Exercise requirements:
Look through the data below for the line with "305.6334674610141, 329.51712159771705, ccw=False)" and the line with "284.97500107143355, 305.0812887937893, ccw=False)", then output those two and all lines in between, exactly as written.

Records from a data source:
- Opening Delimiter -
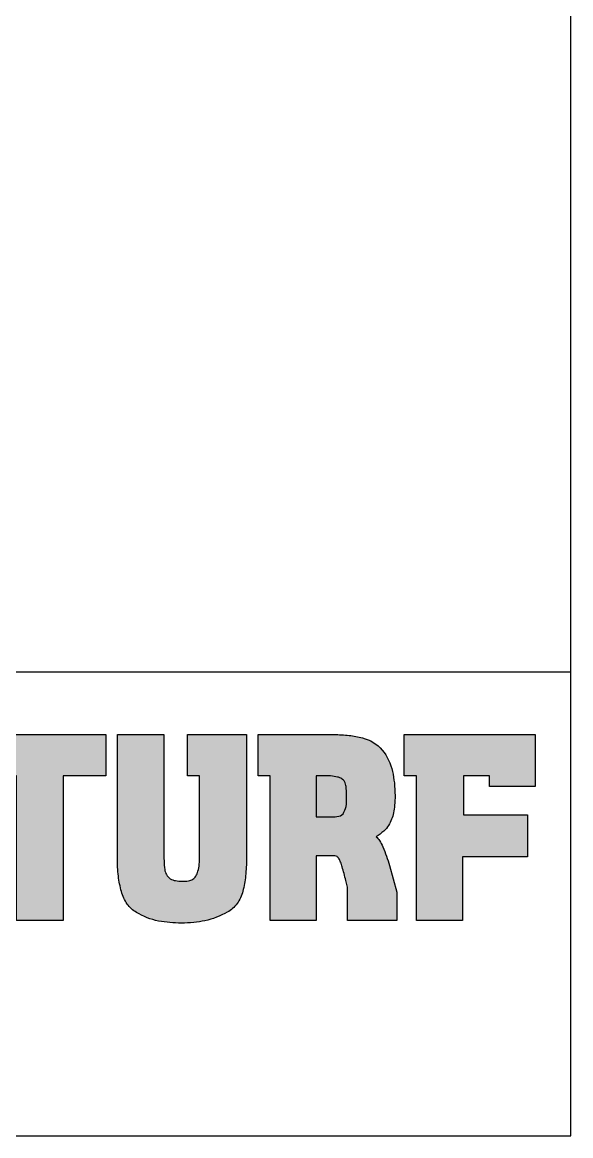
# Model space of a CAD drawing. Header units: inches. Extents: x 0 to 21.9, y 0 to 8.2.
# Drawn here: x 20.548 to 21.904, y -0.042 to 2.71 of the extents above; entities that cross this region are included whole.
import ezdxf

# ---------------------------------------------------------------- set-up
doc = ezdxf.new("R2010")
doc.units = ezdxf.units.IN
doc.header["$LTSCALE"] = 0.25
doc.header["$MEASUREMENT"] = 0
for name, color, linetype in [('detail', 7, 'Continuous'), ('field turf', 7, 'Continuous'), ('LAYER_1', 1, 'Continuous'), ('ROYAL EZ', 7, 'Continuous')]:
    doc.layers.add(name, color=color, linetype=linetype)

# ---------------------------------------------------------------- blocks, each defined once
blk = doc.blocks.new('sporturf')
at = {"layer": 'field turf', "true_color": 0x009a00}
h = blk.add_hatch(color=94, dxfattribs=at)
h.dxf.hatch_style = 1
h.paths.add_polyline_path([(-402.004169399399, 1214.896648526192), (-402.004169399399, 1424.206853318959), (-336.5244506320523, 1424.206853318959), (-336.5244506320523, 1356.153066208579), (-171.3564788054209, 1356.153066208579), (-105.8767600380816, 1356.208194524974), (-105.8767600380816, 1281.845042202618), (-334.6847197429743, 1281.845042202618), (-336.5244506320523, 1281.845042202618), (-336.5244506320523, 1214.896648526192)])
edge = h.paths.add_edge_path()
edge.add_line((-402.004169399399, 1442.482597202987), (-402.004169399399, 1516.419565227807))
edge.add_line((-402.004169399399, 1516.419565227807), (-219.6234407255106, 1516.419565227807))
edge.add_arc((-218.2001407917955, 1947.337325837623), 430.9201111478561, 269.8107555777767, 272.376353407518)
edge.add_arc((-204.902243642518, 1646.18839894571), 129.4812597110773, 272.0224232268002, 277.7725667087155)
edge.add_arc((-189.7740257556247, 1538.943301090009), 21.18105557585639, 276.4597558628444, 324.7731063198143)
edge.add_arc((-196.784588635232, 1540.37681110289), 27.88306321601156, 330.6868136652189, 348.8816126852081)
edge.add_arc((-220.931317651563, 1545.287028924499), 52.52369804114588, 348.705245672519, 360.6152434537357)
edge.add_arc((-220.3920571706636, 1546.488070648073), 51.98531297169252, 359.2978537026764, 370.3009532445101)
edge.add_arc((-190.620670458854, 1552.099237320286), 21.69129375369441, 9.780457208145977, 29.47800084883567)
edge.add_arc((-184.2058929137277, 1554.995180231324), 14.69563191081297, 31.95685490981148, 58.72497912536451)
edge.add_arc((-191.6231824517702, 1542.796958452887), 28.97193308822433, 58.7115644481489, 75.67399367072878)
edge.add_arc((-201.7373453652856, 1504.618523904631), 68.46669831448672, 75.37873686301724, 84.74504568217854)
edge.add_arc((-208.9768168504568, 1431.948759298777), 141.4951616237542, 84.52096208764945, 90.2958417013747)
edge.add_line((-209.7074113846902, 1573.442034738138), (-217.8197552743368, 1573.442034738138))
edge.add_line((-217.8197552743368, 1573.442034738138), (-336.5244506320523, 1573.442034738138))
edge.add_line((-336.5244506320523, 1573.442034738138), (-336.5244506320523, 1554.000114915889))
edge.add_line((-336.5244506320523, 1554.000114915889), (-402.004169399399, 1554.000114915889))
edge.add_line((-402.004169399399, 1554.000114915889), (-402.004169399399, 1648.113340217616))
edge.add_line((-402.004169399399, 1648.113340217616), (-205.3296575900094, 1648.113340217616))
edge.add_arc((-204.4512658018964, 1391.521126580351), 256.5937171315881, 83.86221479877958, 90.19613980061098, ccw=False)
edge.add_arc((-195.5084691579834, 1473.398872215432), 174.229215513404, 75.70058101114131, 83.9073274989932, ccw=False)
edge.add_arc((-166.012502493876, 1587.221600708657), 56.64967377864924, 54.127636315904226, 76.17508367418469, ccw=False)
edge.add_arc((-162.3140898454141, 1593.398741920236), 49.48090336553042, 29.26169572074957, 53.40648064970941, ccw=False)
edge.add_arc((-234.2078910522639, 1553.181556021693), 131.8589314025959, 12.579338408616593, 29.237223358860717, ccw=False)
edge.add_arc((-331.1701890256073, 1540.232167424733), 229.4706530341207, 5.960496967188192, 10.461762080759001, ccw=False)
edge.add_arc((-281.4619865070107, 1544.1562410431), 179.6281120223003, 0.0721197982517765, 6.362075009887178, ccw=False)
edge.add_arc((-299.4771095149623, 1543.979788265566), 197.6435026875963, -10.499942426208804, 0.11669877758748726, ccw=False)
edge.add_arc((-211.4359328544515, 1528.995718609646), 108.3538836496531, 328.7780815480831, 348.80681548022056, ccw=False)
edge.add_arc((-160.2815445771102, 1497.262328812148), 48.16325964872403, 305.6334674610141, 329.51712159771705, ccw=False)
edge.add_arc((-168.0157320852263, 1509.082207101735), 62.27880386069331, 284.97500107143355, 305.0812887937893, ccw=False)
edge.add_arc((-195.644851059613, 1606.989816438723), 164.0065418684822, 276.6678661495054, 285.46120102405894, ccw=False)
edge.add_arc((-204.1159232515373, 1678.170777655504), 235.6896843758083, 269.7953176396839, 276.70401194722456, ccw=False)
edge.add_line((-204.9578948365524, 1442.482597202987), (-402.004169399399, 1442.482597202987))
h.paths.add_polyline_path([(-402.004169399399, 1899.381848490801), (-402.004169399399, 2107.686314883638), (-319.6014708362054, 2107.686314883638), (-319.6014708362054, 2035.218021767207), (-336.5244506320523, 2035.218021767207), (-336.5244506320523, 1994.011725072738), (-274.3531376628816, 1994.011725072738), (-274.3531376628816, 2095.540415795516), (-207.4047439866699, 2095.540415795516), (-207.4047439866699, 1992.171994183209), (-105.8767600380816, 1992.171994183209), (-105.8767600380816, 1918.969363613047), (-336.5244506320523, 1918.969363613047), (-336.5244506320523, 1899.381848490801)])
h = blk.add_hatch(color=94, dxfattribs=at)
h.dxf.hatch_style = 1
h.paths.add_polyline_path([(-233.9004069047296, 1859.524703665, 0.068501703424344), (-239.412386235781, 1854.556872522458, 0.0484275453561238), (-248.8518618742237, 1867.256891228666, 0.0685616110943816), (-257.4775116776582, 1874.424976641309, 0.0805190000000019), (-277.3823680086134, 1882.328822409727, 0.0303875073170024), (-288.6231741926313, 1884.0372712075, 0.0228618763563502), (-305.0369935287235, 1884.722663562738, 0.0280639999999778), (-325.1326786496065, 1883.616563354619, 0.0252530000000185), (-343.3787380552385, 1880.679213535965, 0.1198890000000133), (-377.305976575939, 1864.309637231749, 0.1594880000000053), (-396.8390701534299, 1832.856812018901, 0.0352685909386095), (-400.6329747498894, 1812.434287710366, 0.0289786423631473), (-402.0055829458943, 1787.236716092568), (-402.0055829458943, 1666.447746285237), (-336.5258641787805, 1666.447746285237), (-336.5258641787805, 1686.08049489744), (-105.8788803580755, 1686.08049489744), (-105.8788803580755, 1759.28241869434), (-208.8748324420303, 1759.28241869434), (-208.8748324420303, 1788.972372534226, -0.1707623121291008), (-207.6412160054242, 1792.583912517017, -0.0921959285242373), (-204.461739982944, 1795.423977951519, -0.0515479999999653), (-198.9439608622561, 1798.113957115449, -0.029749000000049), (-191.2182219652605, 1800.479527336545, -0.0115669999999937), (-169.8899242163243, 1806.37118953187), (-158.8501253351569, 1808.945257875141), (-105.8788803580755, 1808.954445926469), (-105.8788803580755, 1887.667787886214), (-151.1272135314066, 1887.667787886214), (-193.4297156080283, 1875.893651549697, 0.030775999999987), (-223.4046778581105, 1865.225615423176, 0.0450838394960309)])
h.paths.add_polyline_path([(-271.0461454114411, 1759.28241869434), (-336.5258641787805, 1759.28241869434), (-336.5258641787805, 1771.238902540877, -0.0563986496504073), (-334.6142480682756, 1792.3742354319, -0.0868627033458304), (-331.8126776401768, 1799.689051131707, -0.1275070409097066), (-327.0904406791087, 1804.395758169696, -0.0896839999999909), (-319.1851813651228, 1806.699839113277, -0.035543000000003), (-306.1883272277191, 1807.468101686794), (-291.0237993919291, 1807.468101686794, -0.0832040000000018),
- Closing Delimiter -
Written response:
edge.add_arc((-160.2815445771102, 1497.262328812148), 48.16325964872403, 305.6334674610141, 329.51712159771705, ccw=False)
edge.add_arc((-168.0157320852263, 1509.082207101735), 62.27880386069331, 284.97500107143355, 305.0812887937893, ccw=False)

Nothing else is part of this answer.